Task goal :: The records are to be repeated in full, with the images removed.

Dataset entries ::
::::::::
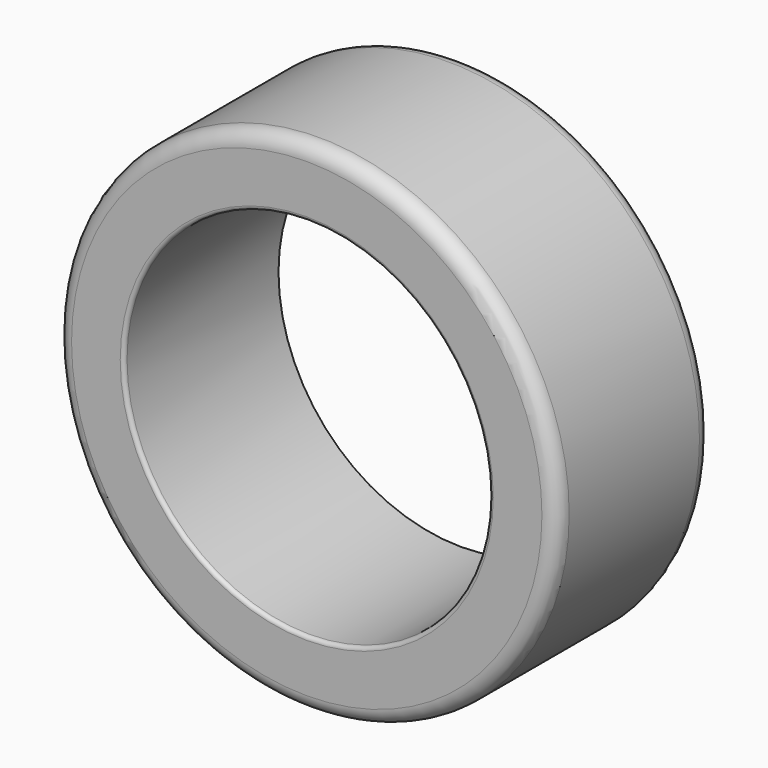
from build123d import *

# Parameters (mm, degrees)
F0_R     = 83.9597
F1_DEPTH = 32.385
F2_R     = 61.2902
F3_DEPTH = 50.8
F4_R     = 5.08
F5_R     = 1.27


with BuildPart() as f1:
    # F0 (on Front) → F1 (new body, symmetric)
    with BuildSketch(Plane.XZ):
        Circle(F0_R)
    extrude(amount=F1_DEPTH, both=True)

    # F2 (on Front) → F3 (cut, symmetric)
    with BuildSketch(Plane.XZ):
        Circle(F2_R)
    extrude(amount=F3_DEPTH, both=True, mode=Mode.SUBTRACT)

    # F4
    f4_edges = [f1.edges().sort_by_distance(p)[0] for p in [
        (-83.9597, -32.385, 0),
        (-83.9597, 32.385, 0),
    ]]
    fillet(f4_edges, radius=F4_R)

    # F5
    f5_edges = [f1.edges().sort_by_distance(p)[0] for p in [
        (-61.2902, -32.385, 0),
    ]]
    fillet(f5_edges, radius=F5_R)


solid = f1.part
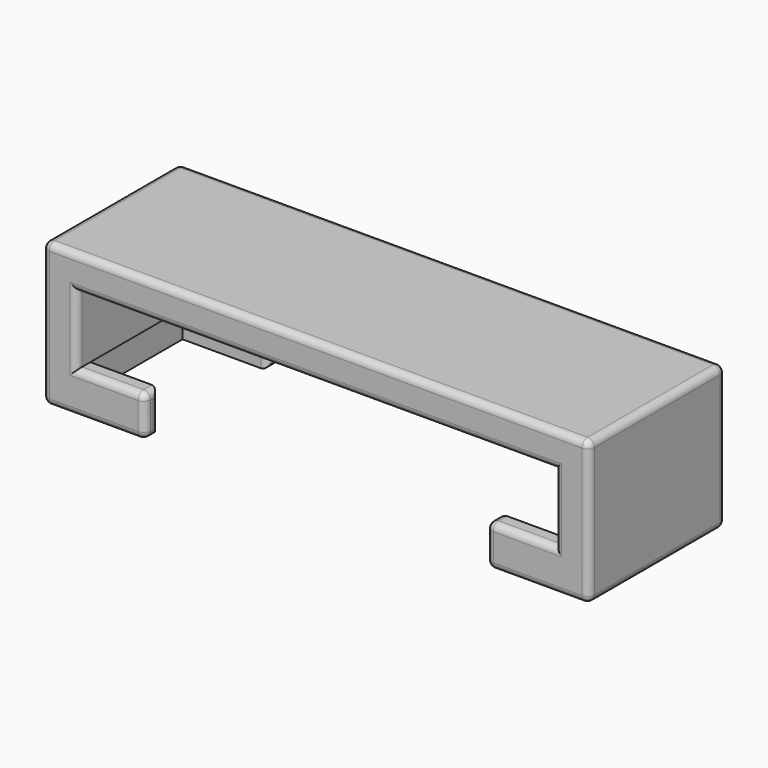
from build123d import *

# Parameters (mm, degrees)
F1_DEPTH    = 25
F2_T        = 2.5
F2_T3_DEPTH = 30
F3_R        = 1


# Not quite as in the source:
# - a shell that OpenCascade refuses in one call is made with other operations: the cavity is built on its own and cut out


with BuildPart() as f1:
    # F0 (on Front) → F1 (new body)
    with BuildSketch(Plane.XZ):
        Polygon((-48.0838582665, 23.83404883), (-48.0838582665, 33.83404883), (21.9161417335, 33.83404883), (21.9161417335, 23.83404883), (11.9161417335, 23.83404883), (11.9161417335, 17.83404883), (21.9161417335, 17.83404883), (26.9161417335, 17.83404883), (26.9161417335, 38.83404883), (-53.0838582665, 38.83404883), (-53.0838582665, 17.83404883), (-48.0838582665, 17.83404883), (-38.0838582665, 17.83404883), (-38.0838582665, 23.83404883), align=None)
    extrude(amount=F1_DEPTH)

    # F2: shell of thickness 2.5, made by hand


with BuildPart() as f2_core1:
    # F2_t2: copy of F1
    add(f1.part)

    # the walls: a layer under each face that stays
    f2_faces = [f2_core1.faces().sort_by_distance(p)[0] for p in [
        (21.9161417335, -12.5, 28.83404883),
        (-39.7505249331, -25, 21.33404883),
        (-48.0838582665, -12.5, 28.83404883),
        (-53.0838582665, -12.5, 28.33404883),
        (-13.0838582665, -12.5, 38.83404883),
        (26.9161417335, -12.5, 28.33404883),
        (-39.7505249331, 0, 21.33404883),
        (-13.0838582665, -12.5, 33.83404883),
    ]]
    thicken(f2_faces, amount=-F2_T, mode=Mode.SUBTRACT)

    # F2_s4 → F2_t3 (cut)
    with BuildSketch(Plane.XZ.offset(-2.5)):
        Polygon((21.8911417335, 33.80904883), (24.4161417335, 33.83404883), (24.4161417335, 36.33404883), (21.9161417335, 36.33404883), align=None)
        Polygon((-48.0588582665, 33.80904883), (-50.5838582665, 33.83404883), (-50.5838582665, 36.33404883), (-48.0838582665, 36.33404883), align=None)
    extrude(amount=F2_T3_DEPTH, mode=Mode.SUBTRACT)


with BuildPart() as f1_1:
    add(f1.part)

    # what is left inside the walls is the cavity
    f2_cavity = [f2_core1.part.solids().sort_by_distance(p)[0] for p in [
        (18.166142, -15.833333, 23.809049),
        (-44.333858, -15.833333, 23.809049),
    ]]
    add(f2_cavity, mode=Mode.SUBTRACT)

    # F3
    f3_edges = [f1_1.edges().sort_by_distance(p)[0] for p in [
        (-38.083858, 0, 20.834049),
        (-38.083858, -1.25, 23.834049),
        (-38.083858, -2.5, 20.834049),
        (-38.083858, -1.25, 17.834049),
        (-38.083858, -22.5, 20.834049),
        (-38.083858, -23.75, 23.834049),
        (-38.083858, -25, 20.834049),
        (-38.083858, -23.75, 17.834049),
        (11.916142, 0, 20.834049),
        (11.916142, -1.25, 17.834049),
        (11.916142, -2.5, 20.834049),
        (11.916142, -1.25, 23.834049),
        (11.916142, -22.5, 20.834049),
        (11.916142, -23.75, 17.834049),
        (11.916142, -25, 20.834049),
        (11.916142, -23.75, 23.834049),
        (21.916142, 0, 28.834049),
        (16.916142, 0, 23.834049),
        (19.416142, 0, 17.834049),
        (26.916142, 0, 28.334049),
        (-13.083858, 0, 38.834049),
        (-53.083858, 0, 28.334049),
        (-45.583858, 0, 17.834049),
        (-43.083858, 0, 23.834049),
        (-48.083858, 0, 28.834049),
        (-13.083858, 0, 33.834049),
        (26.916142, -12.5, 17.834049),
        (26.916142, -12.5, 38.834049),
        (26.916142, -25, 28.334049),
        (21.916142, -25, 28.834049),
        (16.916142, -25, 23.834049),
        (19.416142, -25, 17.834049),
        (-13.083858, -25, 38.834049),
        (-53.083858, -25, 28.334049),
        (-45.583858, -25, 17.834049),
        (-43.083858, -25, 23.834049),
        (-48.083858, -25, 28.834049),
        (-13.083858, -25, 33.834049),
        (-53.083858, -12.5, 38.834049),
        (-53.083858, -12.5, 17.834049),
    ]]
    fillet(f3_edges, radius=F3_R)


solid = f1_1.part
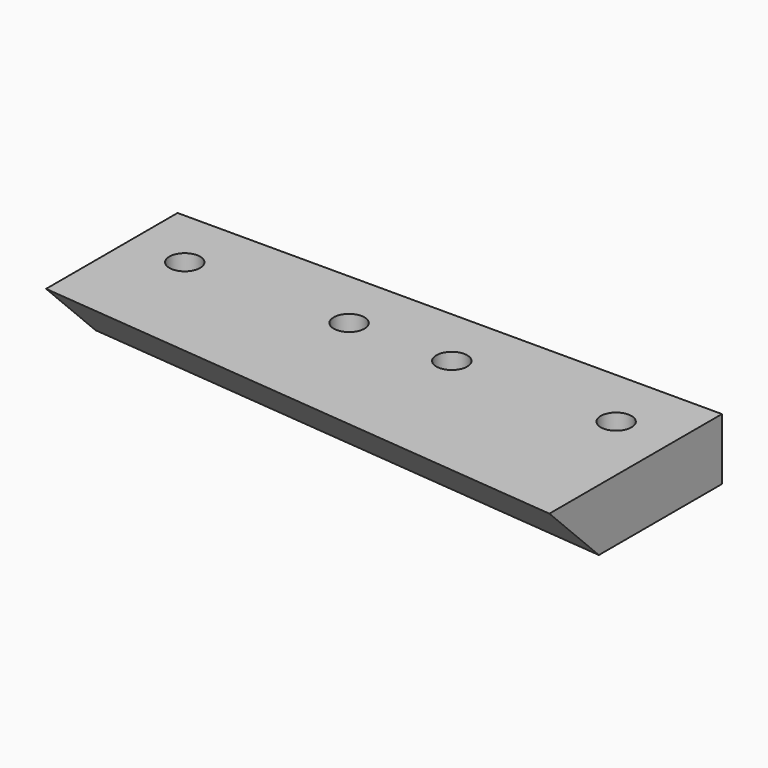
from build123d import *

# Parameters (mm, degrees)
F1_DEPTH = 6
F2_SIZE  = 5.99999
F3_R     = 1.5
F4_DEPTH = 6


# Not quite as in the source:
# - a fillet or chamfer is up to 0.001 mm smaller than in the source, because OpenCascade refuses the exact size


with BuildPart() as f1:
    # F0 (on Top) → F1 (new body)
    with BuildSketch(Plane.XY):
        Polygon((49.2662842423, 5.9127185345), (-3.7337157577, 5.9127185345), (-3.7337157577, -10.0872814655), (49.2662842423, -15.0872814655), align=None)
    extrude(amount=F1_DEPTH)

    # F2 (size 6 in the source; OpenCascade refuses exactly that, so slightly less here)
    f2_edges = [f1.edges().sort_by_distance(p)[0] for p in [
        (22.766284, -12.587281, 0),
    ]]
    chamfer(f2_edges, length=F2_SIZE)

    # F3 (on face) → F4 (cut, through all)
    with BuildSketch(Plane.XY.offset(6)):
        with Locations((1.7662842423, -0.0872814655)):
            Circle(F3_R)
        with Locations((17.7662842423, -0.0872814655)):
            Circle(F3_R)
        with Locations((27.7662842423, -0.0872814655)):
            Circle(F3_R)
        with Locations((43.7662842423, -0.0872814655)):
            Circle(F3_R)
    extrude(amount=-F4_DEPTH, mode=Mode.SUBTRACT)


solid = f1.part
::::::::
Solution for this problem ::
from build123d import *

# Parameters (mm, degrees)
F0_R     = 83.9597
F1_DEPTH = 32.385
F2_R     = 61.2902
F3_DEPTH = 50.8
F4_R     = 5.08
F5_R     = 1.27


with BuildPart() as f1:
    # F0 (on Front) → F1 (new body, symmetric)
    with BuildSketch(Plane.XZ):
        Circle(F0_R)
    extrude(amount=F1_DEPTH, both=True)

    # F2 (on Front) → F3 (cut, symmetric)
    with BuildSketch(Plane.XZ):
        Circle(F2_R)
    extrude(amount=F3_DEPTH, both=True, mode=Mode.SUBTRACT)

    # F4
    f4_edges = [f1.edges().sort_by_distance(p)[0] for p in [
        (-83.9597, -32.385, 0),
        (-83.9597, 32.385, 0),
    ]]
    fillet(f4_edges, radius=F4_R)

    # F5
    f5_edges = [f1.edges().sort_by_distance(p)[0] for p in [
        (-61.2902, -32.385, 0),
    ]]
    fillet(f5_edges, radius=F5_R)


solid = f1.part
from build123d import *

# Parameters (mm, degrees)
F1_DEPTH    = 25
F2_T        = 2.5
F2_T3_DEPTH = 30
F3_R        = 1


# Not quite as in the source:
# - a shell that OpenCascade refuses in one call is made with other operations: the cavity is built on its own and cut out


with BuildPart() as f1:
    # F0 (on Front) → F1 (new body)
    with BuildSketch(Plane.XZ):
        Polygon((-48.0838582665, 23.83404883), (-48.0838582665, 33.83404883), (21.9161417335, 33.83404883), (21.9161417335, 23.83404883), (11.9161417335, 23.83404883), (11.9161417335, 17.83404883), (21.9161417335, 17.83404883), (26.9161417335, 17.83404883), (26.9161417335, 38.83404883), (-53.0838582665, 38.83404883), (-53.0838582665, 17.83404883), (-48.0838582665, 17.83404883), (-38.0838582665, 17.83404883), (-38.0838582665, 23.83404883), align=None)
    extrude(amount=F1_DEPTH)

    # F2: shell of thickness 2.5, made by hand


with BuildPart() as f2_core1:
    # F2_t2: copy of F1
    add(f1.part)

    # the walls: a layer under each face that stays
    f2_faces = [f2_core1.faces().sort_by_distance(p)[0] for p in [
        (21.9161417335, -12.5, 28.83404883),
        (-39.7505249331, -25, 21.33404883),
        (-48.0838582665, -12.5, 28.83404883),
        (-53.0838582665, -12.5, 28.33404883),
        (-13.0838582665, -12.5, 38.83404883),
        (26.9161417335, -12.5, 28.33404883),
        (-39.7505249331, 0, 21.33404883),
        (-13.0838582665, -12.5, 33.83404883),
    ]]
    thicken(f2_faces, amount=-F2_T, mode=Mode.SUBTRACT)

    # F2_s4 → F2_t3 (cut)
    with BuildSketch(Plane.XZ.offset(-2.5)):
        Polygon((21.8911417335, 33.80904883), (24.4161417335, 33.83404883), (24.4161417335, 36.33404883), (21.9161417335, 36.33404883), align=None)
        Polygon((-48.0588582665, 33.80904883), (-50.5838582665, 33.83404883), (-50.5838582665, 36.33404883), (-48.0838582665, 36.33404883), align=None)
    extrude(amount=F2_T3_DEPTH, mode=Mode.SUBTRACT)


with BuildPart() as f1_1:
    add(f1.part)

    # what is left inside the walls is the cavity
    f2_cavity = [f2_core1.part.solids().sort_by_distance(p)[0] for p in [
        (18.166142, -15.833333, 23.809049),
        (-44.333858, -15.833333, 23.809049),
    ]]
    add(f2_cavity, mode=Mode.SUBTRACT)

    # F3
    f3_edges = [f1_1.edges().sort_by_distance(p)[0] for p in [
        (-38.083858, 0, 20.834049),
        (-38.083858, -1.25, 23.834049),
        (-38.083858, -2.5, 20.834049),
        (-38.083858, -1.25, 17.834049),
        (-38.083858, -22.5, 20.834049),
        (-38.083858, -23.75, 23.834049),
        (-38.083858, -25, 20.834049),
        (-38.083858, -23.75, 17.834049),
        (11.916142, 0, 20.834049),
        (11.916142, -1.25, 17.834049),
        (11.916142, -2.5, 20.834049),
        (11.916142, -1.25, 23.834049),
        (11.916142, -22.5, 20.834049),
        (11.916142, -23.75, 17.834049),
        (11.916142, -25, 20.834049),
        (11.916142, -23.75, 23.834049),
        (21.916142, 0, 28.834049),
        (16.916142, 0, 23.834049),
        (19.416142, 0, 17.834049),
        (26.916142, 0, 28.334049),
        (-13.083858, 0, 38.834049),
        (-53.083858, 0, 28.334049),
        (-45.583858, 0, 17.834049),
        (-43.083858, 0, 23.834049),
        (-48.083858, 0, 28.834049),
        (-13.083858, 0, 33.834049),
        (26.916142, -12.5, 17.834049),
        (26.916142, -12.5, 38.834049),
        (26.916142, -25, 28.334049),
        (21.916142, -25, 28.834049),
        (16.916142, -25, 23.834049),
        (19.416142, -25, 17.834049),
        (-13.083858, -25, 38.834049),
        (-53.083858, -25, 28.334049),
        (-45.583858, -25, 17.834049),
        (-43.083858, -25, 23.834049),
        (-48.083858, -25, 28.834049),
        (-13.083858, -25, 33.834049),
        (-53.083858, -12.5, 38.834049),
        (-53.083858, -12.5, 17.834049),
    ]]
    fillet(f3_edges, radius=F3_R)


solid = f1_1.part
from build123d import *

# Parameters (mm, degrees)
F1_DEPTH = 6
F2_SIZE  = 5.99999
F3_R     = 1.5
F4_DEPTH = 6


# Not quite as in the source:
# - a fillet or chamfer is up to 0.001 mm smaller than in the source, because OpenCascade refuses the exact size


with BuildPart() as f1:
    # F0 (on Top) → F1 (new body)
    with BuildSketch(Plane.XY):
        Polygon((49.2662842423, 5.9127185345), (-3.7337157577, 5.9127185345), (-3.7337157577, -10.0872814655), (49.2662842423, -15.0872814655), align=None)
    extrude(amount=F1_DEPTH)

    # F2 (size 6 in the source; OpenCascade refuses exactly that, so slightly less here)
    f2_edges = [f1.edges().sort_by_distance(p)[0] for p in [
        (22.766284, -12.587281, 0),
    ]]
    chamfer(f2_edges, length=F2_SIZE)

    # F3 (on face) → F4 (cut, through all)
    with BuildSketch(Plane.XY.offset(6)):
        with Locations((1.7662842423, -0.0872814655)):
            Circle(F3_R)
        with Locations((17.7662842423, -0.0872814655)):
            Circle(F3_R)
        with Locations((27.7662842423, -0.0872814655)):
            Circle(F3_R)
        with Locations((43.7662842423, -0.0872814655)):
            Circle(F3_R)
    extrude(amount=-F4_DEPTH, mode=Mode.SUBTRACT)


solid = f1.part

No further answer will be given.